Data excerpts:

=== Begin Enclosure ===

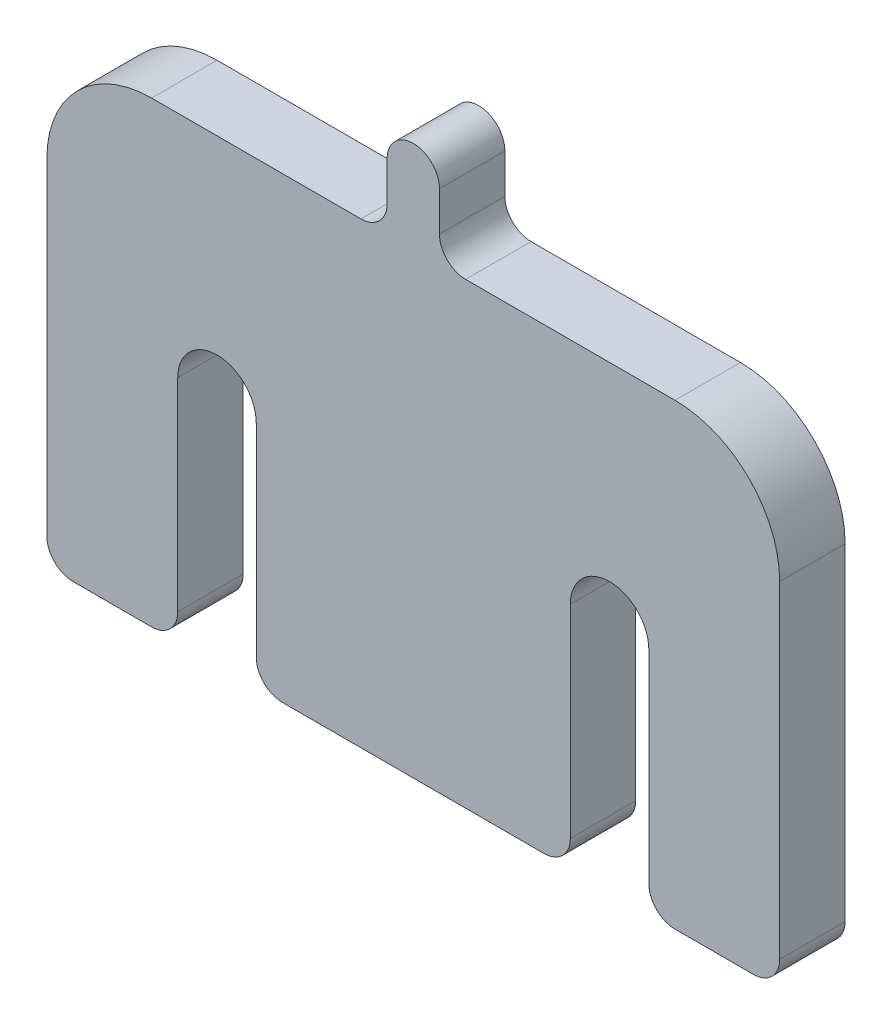
ISO-10303-21;
HEADER;
FILE_DESCRIPTION(('STEP AP214'),'2;1');
FILE_NAME('part.step','',(''),(''),'','','');
FILE_SCHEMA(('AUTOMOTIVE_DESIGN { 1 0 10303 214 1 1 1 1 }'));
ENDSEC;
DATA;
#1=APPLICATION_CONTEXT('core data for automotive mechanical design processes');
#2=APPLICATION_PROTOCOL_DEFINITION('international standard','automotive_design',2000,#1);
#3=PRODUCT_CONTEXT('',#1,'mechanical');
#4=PRODUCT('Part','Part','',(#3));
#5=PRODUCT_RELATED_PRODUCT_CATEGORY('part','',(#4));
#6=PRODUCT_DEFINITION_FORMATION('','',#4);
#7=PRODUCT_DEFINITION_CONTEXT('part definition',#1,'design');
#8=PRODUCT_DEFINITION('design','',#6,#7);
#9=PRODUCT_DEFINITION_SHAPE('','',#8);
#10=(LENGTH_UNIT() NAMED_UNIT(*) SI_UNIT(.MILLI.,.METRE.));
#11=(NAMED_UNIT(*) PLANE_ANGLE_UNIT() SI_UNIT($,.RADIAN.));
#12=(NAMED_UNIT(*) SI_UNIT($,.STERADIAN.) SOLID_ANGLE_UNIT());
#13=UNCERTAINTY_MEASURE_WITH_UNIT(LENGTH_MEASURE(1.E-05),#10,'distance_accuracy_value','');
#14=(GEOMETRIC_REPRESENTATION_CONTEXT(3) GLOBAL_UNCERTAINTY_ASSIGNED_CONTEXT((#13)) GLOBAL_UNIT_ASSIGNED_CONTEXT((#10,
#11,#12)) REPRESENTATION_CONTEXT('',''));
#15=CARTESIAN_POINT('',(0.,0.,0.));
#16=DIRECTION('',(0.,0.,1.));
#17=DIRECTION('',(1.,0.,0.));
#18=AXIS2_PLACEMENT_3D('',#15,#16,#17);
#19=CARTESIAN_POINT('',(15.,0.,5.));
#20=DIRECTION('',(0.,0.,-1.));
#21=DIRECTION('',(-1.,0.,0.));
#22=AXIS2_PLACEMENT_3D('',#19,#20,#21);
#23=CYLINDRICAL_SURFACE('',#22,3.);
#24=CARTESIAN_POINT('',(15.,0.,0.));
#25=DIRECTION('',(0.,0.,1.));
#26=DIRECTION('',(1.,0.,0.));
#27=AXIS2_PLACEMENT_3D('',#24,#25,#26);
#28=CIRCLE('',#27,3.);
#29=CARTESIAN_POINT('',(18.,0.,0.));
#30=VERTEX_POINT('',#29);
#31=CARTESIAN_POINT('',(12.,0.,0.));
#32=VERTEX_POINT('',#31);
#33=EDGE_CURVE('E215',#30,#32,#28,.T.);
#34=ORIENTED_EDGE('',*,*,#33,.F.);
#35=DIRECTION('',(0.,0.,-1.));
#36=VECTOR('',#35,1.);
#37=CARTESIAN_POINT('',(18.,0.,5.));
#38=LINE('',#37,#36);
#39=CARTESIAN_POINT('',(18.,0.,5.));
#40=VERTEX_POINT('',#39);
#41=EDGE_CURVE('E209',#40,#30,#38,.T.);
#42=ORIENTED_EDGE('',*,*,#41,.F.);
#43=CARTESIAN_POINT('',(15.,0.,5.));
#44=DIRECTION('',(0.,0.,1.));
#45=DIRECTION('',(1.,0.,0.));
#46=AXIS2_PLACEMENT_3D('',#43,#44,#45);
#47=CIRCLE('',#46,3.);
#48=CARTESIAN_POINT('',(12.,0.,5.));
#49=VERTEX_POINT('',#48);
#50=EDGE_CURVE('E212',#40,#49,#47,.T.);
#51=ORIENTED_EDGE('',*,*,#50,.T.);
#52=DIRECTION('',(0.,0.,-1.));
#53=VECTOR('',#52,1.);
#54=CARTESIAN_POINT('',(12.,0.,5.));
#55=LINE('',#54,#53);
#56=EDGE_CURVE('E270',#49,#32,#55,.T.);
#57=ORIENTED_EDGE('',*,*,#56,.T.);
#58=EDGE_LOOP('',(#34,#42,#51,#57));
#59=FACE_BOUND('',#58,.T.);
#60=ADVANCED_FACE('F36',(#59),#23,.F.);
#61=CARTESIAN_POINT('',(18.,0.,5.));
#62=DIRECTION('',(1.,0.,0.));
#63=DIRECTION('',(0.,1.,0.));
#64=AXIS2_PLACEMENT_3D('',#61,#62,#63);
#65=PLANE('',#64);
#66=DIRECTION('',(0.,-1.,0.));
#67=VECTOR('',#66,1.);
#68=CARTESIAN_POINT('',(18.,0.,0.));
#69=LINE('',#68,#67);
#70=CARTESIAN_POINT('',(18.,-15.5,0.));
#71=VERTEX_POINT('',#70);
#72=EDGE_CURVE('E272',#30,#71,#69,.T.);
#73=ORIENTED_EDGE('',*,*,#72,.T.);
#74=DIRECTION('',(0.,0.,-1.));
#75=VECTOR('',#74,1.);
#76=CARTESIAN_POINT('',(18.,-15.5,5.));
#77=LINE('',#76,#75);
#78=CARTESIAN_POINT('',(18.,-15.5,5.));
#79=VERTEX_POINT('',#78);
#80=EDGE_CURVE('E226',#71,#79,#77,.F.);
#81=ORIENTED_EDGE('',*,*,#80,.T.);
#82=DIRECTION('',(0.,-1.,0.));
#83=VECTOR('',#82,1.);
#84=CARTESIAN_POINT('',(18.,0.,5.));
#85=LINE('',#84,#83);
#86=EDGE_CURVE('E223',#40,#79,#85,.T.);
#87=ORIENTED_EDGE('',*,*,#86,.F.);
#88=ORIENTED_EDGE('',*,*,#41,.T.);
#89=EDGE_LOOP('',(#73,#81,#87,#88));
#90=FACE_BOUND('',#89,.T.);
#91=ADVANCED_FACE('F224',(#90),#65,.F.);
#92=CARTESIAN_POINT('',(0.,-17.5,5.));
#93=DIRECTION('',(0.,-1.,0.));
#94=DIRECTION('',(1.,0.,0.));
#95=AXIS2_PLACEMENT_3D('',#92,#93,#94);
#96=PLANE('',#95);
#97=DIRECTION('',(-1.,0.,0.));
#98=VECTOR('',#97,1.);
#99=CARTESIAN_POINT('',(0.,-17.5,5.));
#100=LINE('',#99,#98);
#101=CARTESIAN_POINT('',(26.,-17.5,5.));
#102=VERTEX_POINT('',#101);
#103=CARTESIAN_POINT('',(20.,-17.5,5.));
#104=VERTEX_POINT('',#103);
#105=EDGE_CURVE('E228',#102,#104,#100,.T.);
#106=ORIENTED_EDGE('',*,*,#105,.T.);
#107=DIRECTION('',(0.,0.,-1.));
#108=VECTOR('',#107,1.);
#109=CARTESIAN_POINT('',(20.,-17.5,0.));
#110=LINE('',#109,#108);
#111=CARTESIAN_POINT('',(20.,-17.5,0.));
#112=VERTEX_POINT('',#111);
#113=EDGE_CURVE('E366',#104,#112,#110,.T.);
#114=ORIENTED_EDGE('',*,*,#113,.T.);
#115=DIRECTION('',(-1.,0.,0.));
#116=VECTOR('',#115,1.);
#117=CARTESIAN_POINT('',(0.,-17.5,0.));
#118=LINE('',#117,#116);
#119=CARTESIAN_POINT('',(26.,-17.5,0.));
#120=VERTEX_POINT('',#119);
#121=EDGE_CURVE('E274',#120,#112,#118,.T.);
#122=ORIENTED_EDGE('',*,*,#121,.F.);
#123=DIRECTION('',(0.,0.,-1.));
#124=VECTOR('',#123,1.);
#125=CARTESIAN_POINT('',(26.,-17.5,5.));
#126=LINE('',#125,#124);
#127=EDGE_CURVE('E364',#120,#102,#126,.F.);
#128=ORIENTED_EDGE('',*,*,#127,.T.);
#129=EDGE_LOOP('',(#106,#114,#122,#128));
#130=FACE_BOUND('',#129,.T.);
#131=ADVANCED_FACE('F474',(#130),#96,.T.);
#132=CARTESIAN_POINT('',(28.,0.,5.));
#133=DIRECTION('',(-1.,0.,0.));
#134=DIRECTION('',(0.,0.,1.));
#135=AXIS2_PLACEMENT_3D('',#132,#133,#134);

=== End Enclosure ===

● **AIM OF THE TASK**: Output only the lines from the one with "#127=EDGE_CURVE('E364',#120,#102,#126,.F.);" through the last line of the entries above; please keep them exact.

● **RESPONSE TO THIS EXERCISE**:
#127=EDGE_CURVE('E364',#120,#102,#126,.F.);
#128=ORIENTED_EDGE('',*,*,#127,.T.);
#129=EDGE_LOOP('',(#106,#114,#122,#128));
#130=FACE_BOUND('',#129,.T.);
#131=ADVANCED_FACE('F474',(#130),#96,.T.);
#132=CARTESIAN_POINT('',(28.,0.,5.));
#133=DIRECTION('',(-1.,0.,0.));
#134=DIRECTION('',(0.,0.,1.));
#135=AXIS2_PLACEMENT_3D('',#132,#133,#134);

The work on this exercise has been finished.